# Starting a cricket colony



## OGIGA (Apr 21, 2008)

I just decided to start a cricket colony. What I did was get a large trash bag and line the inside of a box with it. Then, add oatmeal (just like Rick). Then, I got a tray, divided it in 2, and put dirt on one side and left the other side for placing greens/food in. I added a dozen crickets not from PetCo so I'm hoping they'll be happy and start reproducing.


----------



## Malnra (Apr 21, 2008)

The ones I get from the bait store are very large and start trying to lay eggs immediately in anything they can get that probe into ... i finally started putting them into a small kritter keeper and letting them lay eggs. then they get fed to my mantis ... if babies appear i will be happy .. if not .. i will just buy them as i need them from ... *gasps* petco ... i have done it many times (nice to get the size i want/need) and more of the crickets stay alive than from local sources .... they are inexpensive and if there is a problem, petco is so big they dont worry about it and take care of you ... to each their own ... ;- )


----------



## pedro92 (Apr 21, 2008)

You will want to keep some extra air fresheners around. Crickets smell bad. I cant imagine breeding them. I have blaptica dubia roaches and they dont stink, climb, hiss, bite, they are greet feeders.


----------



## Malnra (Apr 22, 2008)

Chameleonare said:


> You will want to keep some extra air fresheners around. Crickets smell bad. I cant imagine breeding them. I have blaptica dubia roaches and they dont stink, climb, hiss, bite, they are greet feeders.

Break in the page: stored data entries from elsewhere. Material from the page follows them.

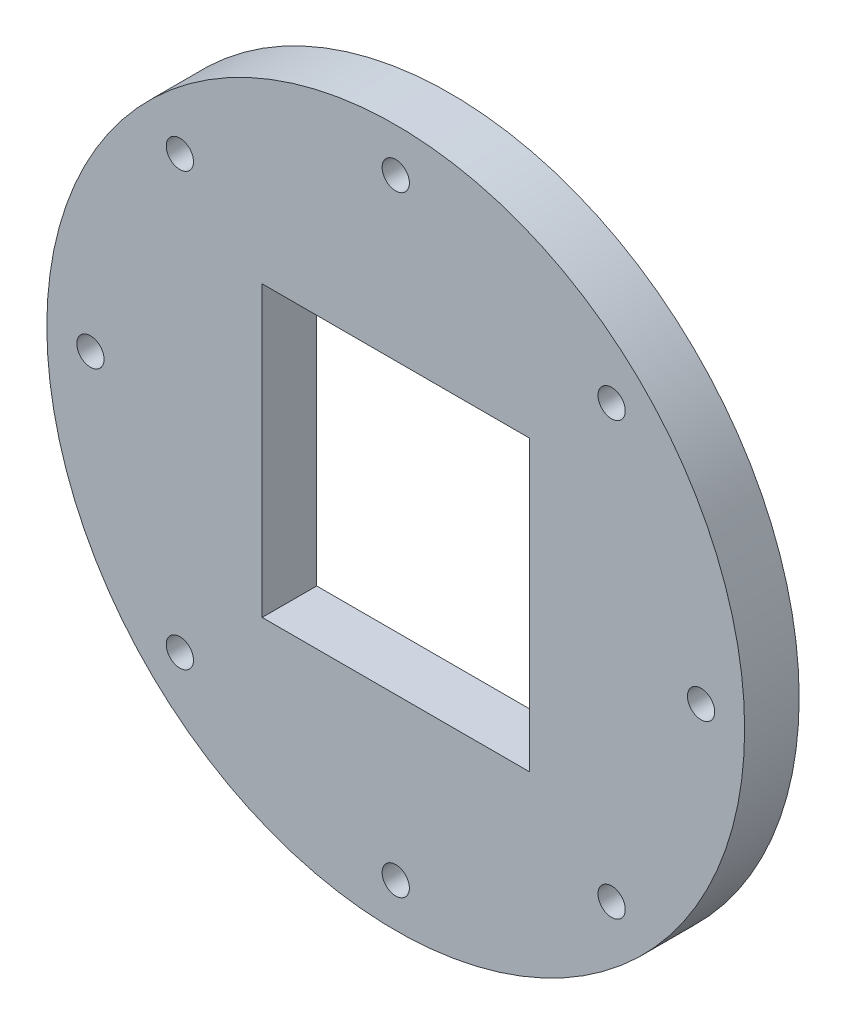
ISO-10303-21;
HEADER;
FILE_DESCRIPTION(('STEP AP214'),'2;1');
FILE_NAME('part.step','',(''),(''),'','','');
FILE_SCHEMA(('AUTOMOTIVE_DESIGN { 1 0 10303 214 1 1 1 1 }'));
ENDSEC;
DATA;
#1=APPLICATION_CONTEXT('core data for automotive mechanical design processes');
#2=APPLICATION_PROTOCOL_DEFINITION('international standard','automotive_design',2000,#1);
#3=PRODUCT_CONTEXT('',#1,'mechanical');
#4=PRODUCT('Part','Part','',(#3));
#5=PRODUCT_RELATED_PRODUCT_CATEGORY('part','',(#4));
#6=PRODUCT_DEFINITION_FORMATION('','',#4);
#7=PRODUCT_DEFINITION_CONTEXT('part definition',#1,'design');
#8=PRODUCT_DEFINITION('design','',#6,#7);
#9=PRODUCT_DEFINITION_SHAPE('','',#8);
#10=(LENGTH_UNIT() NAMED_UNIT(*) SI_UNIT(.MILLI.,.METRE.));
#11=(NAMED_UNIT(*) PLANE_ANGLE_UNIT() SI_UNIT($,.RADIAN.));
#12=(NAMED_UNIT(*) SI_UNIT($,.STERADIAN.) SOLID_ANGLE_UNIT());
#13=UNCERTAINTY_MEASURE_WITH_UNIT(LENGTH_MEASURE(1.E-05),#10,'distance_accuracy_value','');
#14=(GEOMETRIC_REPRESENTATION_CONTEXT(3) GLOBAL_UNCERTAINTY_ASSIGNED_CONTEXT((#13)) GLOBAL_UNIT_ASSIGNED_CONTEXT((#10,
#11,#12)) REPRESENTATION_CONTEXT('',''));
#15=CARTESIAN_POINT('',(0.,0.,0.));
#16=DIRECTION('',(0.,0.,1.));
#17=DIRECTION('',(1.,0.,0.));
#18=AXIS2_PLACEMENT_3D('',#15,#16,#17);
#19=CARTESIAN_POINT('',(0.,0.,5.));
#20=DIRECTION('',(0.,0.,-1.));
#21=DIRECTION('',(-1.,0.,0.));
#22=AXIS2_PLACEMENT_3D('',#19,#20,#21);
#23=CYLINDRICAL_SURFACE('',#22,32.);
#24=CARTESIAN_POINT('',(0.,0.,5.));
#25=DIRECTION('',(0.,0.,1.));
#26=DIRECTION('',(1.,0.,0.));
#27=AXIS2_PLACEMENT_3D('',#24,#25,#26);
#28=CIRCLE('',#27,32.);
#29=CARTESIAN_POINT('',(32.,0.,5.));
#30=VERTEX_POINT('',#29);
#31=EDGE_CURVE('E179',#30,#30,#28,.T.);
#32=ORIENTED_EDGE('',*,*,#31,.F.);
#33=EDGE_LOOP('',(#32));
#34=FACE_BOUND('',#33,.T.);
#35=CARTESIAN_POINT('',(0.,0.,0.));
#36=DIRECTION('',(0.,0.,1.));
#37=DIRECTION('',(1.,0.,0.));
#38=AXIS2_PLACEMENT_3D('',#35,#36,#37);
#39=CIRCLE('',#38,32.);
#40=CARTESIAN_POINT('',(32.,0.,0.));
#41=VERTEX_POINT('',#40);
#42=EDGE_CURVE('E119',#41,#41,#39,.T.);
#43=ORIENTED_EDGE('',*,*,#42,.T.);
#44=EDGE_LOOP('',(#43));
#45=FACE_BOUND('',#44,.T.);
#46=ADVANCED_FACE('F38',(#34,#45),#23,.T.);
#47=CARTESIAN_POINT('',(0.,0.,5.));
#48=DIRECTION('',(0.,0.,1.));
#49=DIRECTION('',(1.,0.,0.));
#50=AXIS2_PLACEMENT_3D('',#47,#48,#49);
#51=PLANE('',#50);
#52=DIRECTION('',(-1.,0.,0.));
#53=VECTOR('',#52,1.);
#54=CARTESIAN_POINT('',(-12.2499999999999,13.2500000000001,5.));
#55=LINE('',#54,#53);
#56=CARTESIAN_POINT('',(12.2500000000001,13.2499999999999,5.));
#57=VERTEX_POINT('',#56);
#58=CARTESIAN_POINT('',(-12.2499999999999,13.2500000000001,5.));
#59=VERTEX_POINT('',#58);
#60=EDGE_CURVE('E53',#57,#59,#55,.T.);
#61=ORIENTED_EDGE('',*,*,#60,.F.);
#62=DIRECTION('',(0.,1.,0.));
#63=VECTOR('',#62,1.);
#64=CARTESIAN_POINT('',(12.2499999999999,-13.2500000000001,5.));
#65=LINE('',#64,#63);
#66=CARTESIAN_POINT('',(12.2499999999999,-13.2500000000001,5.));
#67=VERTEX_POINT('',#66);
#68=EDGE_CURVE('E100',#67,#57,#65,.T.);
#69=ORIENTED_EDGE('',*,*,#68,.F.);
#70=DIRECTION('',(1.,0.,0.));
#71=VECTOR('',#70,1.);
#72=CARTESIAN_POINT('',(-12.2500000000001,-13.2499999999999,5.));
#73=LINE('',#72,#71);
#74=CARTESIAN_POINT('',(-12.2500000000001,-13.2499999999999,5.));
#75=VERTEX_POINT('',#74);
#76=EDGE_CURVE('E82',#75,#67,#73,.T.);
#77=ORIENTED_EDGE('',*,*,#76,.F.);
#78=DIRECTION('',(0.,-1.,0.));
#79=VECTOR('',#78,1.);
#80=CARTESIAN_POINT('',(-12.2500000000001,-13.2499999999999,5.));
#81=LINE('',#80,#79);
#82=EDGE_CURVE('E92',#59,#75,#81,.T.);
#83=ORIENTED_EDGE('',*,*,#82,.F.);
#84=EDGE_LOOP('',(#61,#69,#77,#83));
#85=FACE_BOUND('',#84,.T.);
#86=CARTESIAN_POINT('',(0.,28.,5.));
#87=DIRECTION('',(0.,0.,1.));
#88=DIRECTION('',(1.,0.,0.));
#89=AXIS2_PLACEMENT_3D('',#86,#87,#88);
#90=CIRCLE('',#89,1.25);
#91=CARTESIAN_POINT('',(1.25,28.,5.));
#92=VERTEX_POINT('',#91);
#93=EDGE_CURVE('E120',#92,#92,#90,.T.);
#94=ORIENTED_EDGE('',*,*,#93,.F.);
#95=EDGE_LOOP('',(#94));
#96=FACE_BOUND('',#95,.T.);
#97=CARTESIAN_POINT('',(-19.7989898732231,19.7989898732236,5.));
#98=DIRECTION('',(0.,0.,1.));
#99=DIRECTION('',(1.,0.,0.));
#100=AXIS2_PLACEMENT_3D('',#97,#98,#99);
#101=CIRCLE('',#100,1.25);
#102=CARTESIAN_POINT('',(-18.5489898732231,19.7989898732236,5.));
#103=VERTEX_POINT('',#102);
#104=EDGE_CURVE('E110',#103,#103,#101,.T.);
#105=ORIENTED_EDGE('',*,*,#104,.F.);
#106=EDGE_LOOP('',(#105));
#107=FACE_BOUND('',#106,.T.);
#108=CARTESIAN_POINT('',(-19.7989898732235,-19.7989898732232,5.));
#109=DIRECTION('',(0.,0.,1.));
#110=DIRECTION('',(1.,0.,0.));
#111=AXIS2_PLACEMENT_3D('',#108,#109,#110);
#112=CIRCLE('',#111,1.25);
#113=CARTESIAN_POINT('',(-18.5489898732235,-19.7989898732232,5.));
#114=VERTEX_POINT('',#113);
#115=EDGE_CURVE('E138',#114,#114,#112,.T.);
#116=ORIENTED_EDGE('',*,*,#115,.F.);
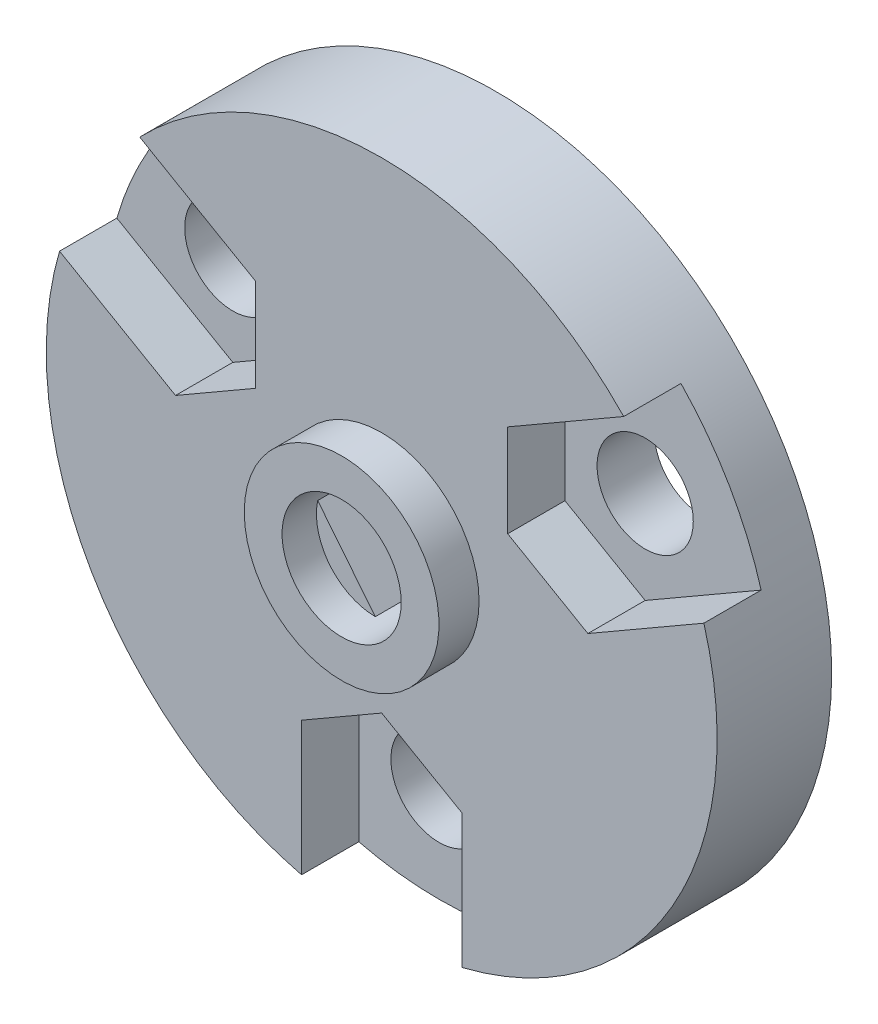
ISO-10303-21;
HEADER;
FILE_DESCRIPTION(('STEP AP214'),'2;1');
FILE_NAME('part.step','',(''),(''),'','','');
FILE_SCHEMA(('AUTOMOTIVE_DESIGN { 1 0 10303 214 1 1 1 1 }'));
ENDSEC;
DATA;
#1=APPLICATION_CONTEXT('core data for automotive mechanical design processes');
#2=APPLICATION_PROTOCOL_DEFINITION('international standard','automotive_design',2000,#1);
#3=PRODUCT_CONTEXT('',#1,'mechanical');
#4=PRODUCT('Part','Part','',(#3));
#5=PRODUCT_RELATED_PRODUCT_CATEGORY('part','',(#4));
#6=PRODUCT_DEFINITION_FORMATION('','',#4);
#7=PRODUCT_DEFINITION_CONTEXT('part definition',#1,'design');
#8=PRODUCT_DEFINITION('design','',#6,#7);
#9=PRODUCT_DEFINITION_SHAPE('','',#8);
#10=(LENGTH_UNIT() NAMED_UNIT(*) SI_UNIT(.MILLI.,.METRE.));
#11=(NAMED_UNIT(*) PLANE_ANGLE_UNIT() SI_UNIT($,.RADIAN.));
#12=(NAMED_UNIT(*) SI_UNIT($,.STERADIAN.) SOLID_ANGLE_UNIT());
#13=UNCERTAINTY_MEASURE_WITH_UNIT(LENGTH_MEASURE(1.E-05),#10,'distance_accuracy_value','');
#14=(GEOMETRIC_REPRESENTATION_CONTEXT(3) GLOBAL_UNCERTAINTY_ASSIGNED_CONTEXT((#13)) GLOBAL_UNIT_ASSIGNED_CONTEXT((#10,
#11,#12)) REPRESENTATION_CONTEXT('',''));
#15=CARTESIAN_POINT('',(0.,0.,0.));
#16=DIRECTION('',(0.,0.,1.));
#17=DIRECTION('',(1.,0.,0.));
#18=AXIS2_PLACEMENT_3D('',#15,#16,#17);
#19=CARTESIAN_POINT('',(0.,0.,5.24999999999999));
#20=DIRECTION('',(0.,0.,1.));
#21=DIRECTION('',(1.,0.,0.));
#22=AXIS2_PLACEMENT_3D('',#19,#20,#21);
#23=PLANE('',#22);
#24=DIRECTION('',(0.625469901980904,-0.780248294913868,0.));
#25=VECTOR('',#24,1.);
#26=CARTESIAN_POINT('',(-1.28740968660788,-1.03202533826849,5.24999999999999));
#27=LINE('',#26,#25);
#28=CARTESIAN_POINT('',(-2.54419959171201,0.535769015091784,5.24999999999999));
#29=VERTEX_POINT('',#28);
#30=CARTESIAN_POINT('',(-0.0306197815037451,-2.59981969162876,5.24999999999999));
#31=VERTEX_POINT('',#30);
#32=EDGE_CURVE('E12',#29,#31,#27,.T.);
#33=ORIENTED_EDGE('',*,*,#32,.F.);
#34=CARTESIAN_POINT('',(0.,0.,5.24999999999999));
#35=DIRECTION('',(0.,0.,1.));
#36=DIRECTION('',(1.,0.,0.));
#37=AXIS2_PLACEMENT_3D('',#34,#35,#36);
#38=CIRCLE('',#37,2.6);
#39=EDGE_CURVE('E198',#29,#31,#38,.T.);
#40=ORIENTED_EDGE('',*,*,#39,.T.);
#41=EDGE_LOOP('',(#33,#40));
#42=FACE_BOUND('',#41,.T.);
#43=ADVANCED_FACE('F38',(#42),#23,.T.);
#44=CARTESIAN_POINT('',(0.,0.,5.));
#45=DIRECTION('',(0.,0.,1.));
#46=DIRECTION('',(1.,0.,0.));
#47=AXIS2_PLACEMENT_3D('',#44,#45,#46);
#48=PLANE('',#47);
#49=DIRECTION('',(0.,1.,0.));
#50=VECTOR('',#49,1.);
#51=CARTESIAN_POINT('',(-3.5,-8.37157890324957,5.));
#52=LINE('',#51,#50);
#53=CARTESIAN_POINT('',(-3.5,-14.2178441117496,5.));
#54=VERTEX_POINT('',#53);
#55=CARTESIAN_POINT('',(-3.5,-8.37157890324957,5.));
#56=VERTEX_POINT('',#55);
#57=EDGE_CURVE('E226',#54,#56,#52,.T.);
#58=ORIENTED_EDGE('',*,*,#57,.T.);
#59=DIRECTION('',(0.866025403784439,0.499999999999999,0.));
#60=VECTOR('',#59,1.);
#61=CARTESIAN_POINT('',(0.,-6.35085296108588,5.));
#62=LINE('',#61,#60);
#63=CARTESIAN_POINT('',(0.,-6.35085296108588,5.));
#64=VERTEX_POINT('',#63);
#65=EDGE_CURVE('E229',#56,#64,#62,.T.);
#66=ORIENTED_EDGE('',*,*,#65,.T.);
#67=DIRECTION('',(0.866025403784438,-0.500000000000001,0.));
#68=VECTOR('',#67,1.);
#69=CARTESIAN_POINT('',(3.5,-8.37157890324958,5.));
#70=LINE('',#69,#68);
#71=CARTESIAN_POINT('',(3.5,-8.37157890324958,5.));
#72=VERTEX_POINT('',#71);
#73=EDGE_CURVE('E232',#64,#72,#70,.T.);
#74=ORIENTED_EDGE('',*,*,#73,.T.);
#75=DIRECTION('',(0.,-1.,0.));
#76=VECTOR('',#75,1.);
#77=CARTESIAN_POINT('',(3.5,-8.37157890324958,5.));
#78=LINE('',#77,#76);
#79=CARTESIAN_POINT('',(3.5,-14.2178441117496,5.));
#80=VERTEX_POINT('',#79);
#81=EDGE_CURVE('E234',#72,#80,#78,.T.);
#82=ORIENTED_EDGE('',*,*,#81,.T.);
#83=CARTESIAN_POINT('',(0.,0.,5.));
#84=DIRECTION('',(0.,0.,1.));
#85=DIRECTION('',(1.,0.,0.));
#86=AXIS2_PLACEMENT_3D('',#83,#84,#85);
#87=CIRCLE('',#86,14.6423048454133);
#88=CARTESIAN_POINT('',(14.0630141878222,4.07783314262928,5.));
#89=VERTEX_POINT('',#88);
#90=EDGE_CURVE('E236',#80,#89,#87,.T.);
#91=ORIENTED_EDGE('',*,*,#90,.T.);
#92=DIRECTION('',(-0.866025403784439,-0.5,0.));
#93=VECTOR('',#92,1.);
#94=CARTESIAN_POINT('',(8.99999999999999,1.15470053837925,5.));
#95=LINE('',#94,#93);
#96=CARTESIAN_POINT('',(8.99999999999999,1.15470053837925,5.));
#97=VERTEX_POINT('',#96);
#98=EDGE_CURVE('E238',#89,#97,#95,.T.);
#99=ORIENTED_EDGE('',*,*,#98,.T.);
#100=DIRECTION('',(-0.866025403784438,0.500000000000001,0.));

my wife would flip if I had roaches and they escaped in the house (i would not be happy either) at least crickets are predators and will kill other bugs, even roaches, so they are not as bad if they escape. plus i wont have 100's of them running around the basement if one got away. ;- )


----------



## pedro92 (Apr 22, 2008)

they can't climb plastic or smooth surfaces and i havent had one escape. Tell her they are hawaiian papaya flower beetles.


----------



## pedro92 (Apr 22, 2008)

they can't climb plastic or smooth surfaces and i havent had one escape. Tell her they are hawaiian papaya flower beetles.


----------



## MantidLord (Apr 22, 2008)

Please let me know how the colony goes, I'm thinking about starting my own cricket colony.


----------



## Malnra (Apr 22, 2008)

Chameleonare said:


> they can't climb plastic or smooth surfaces and i havent had one escape. Tell her they are hawaiian papaya flower beetles.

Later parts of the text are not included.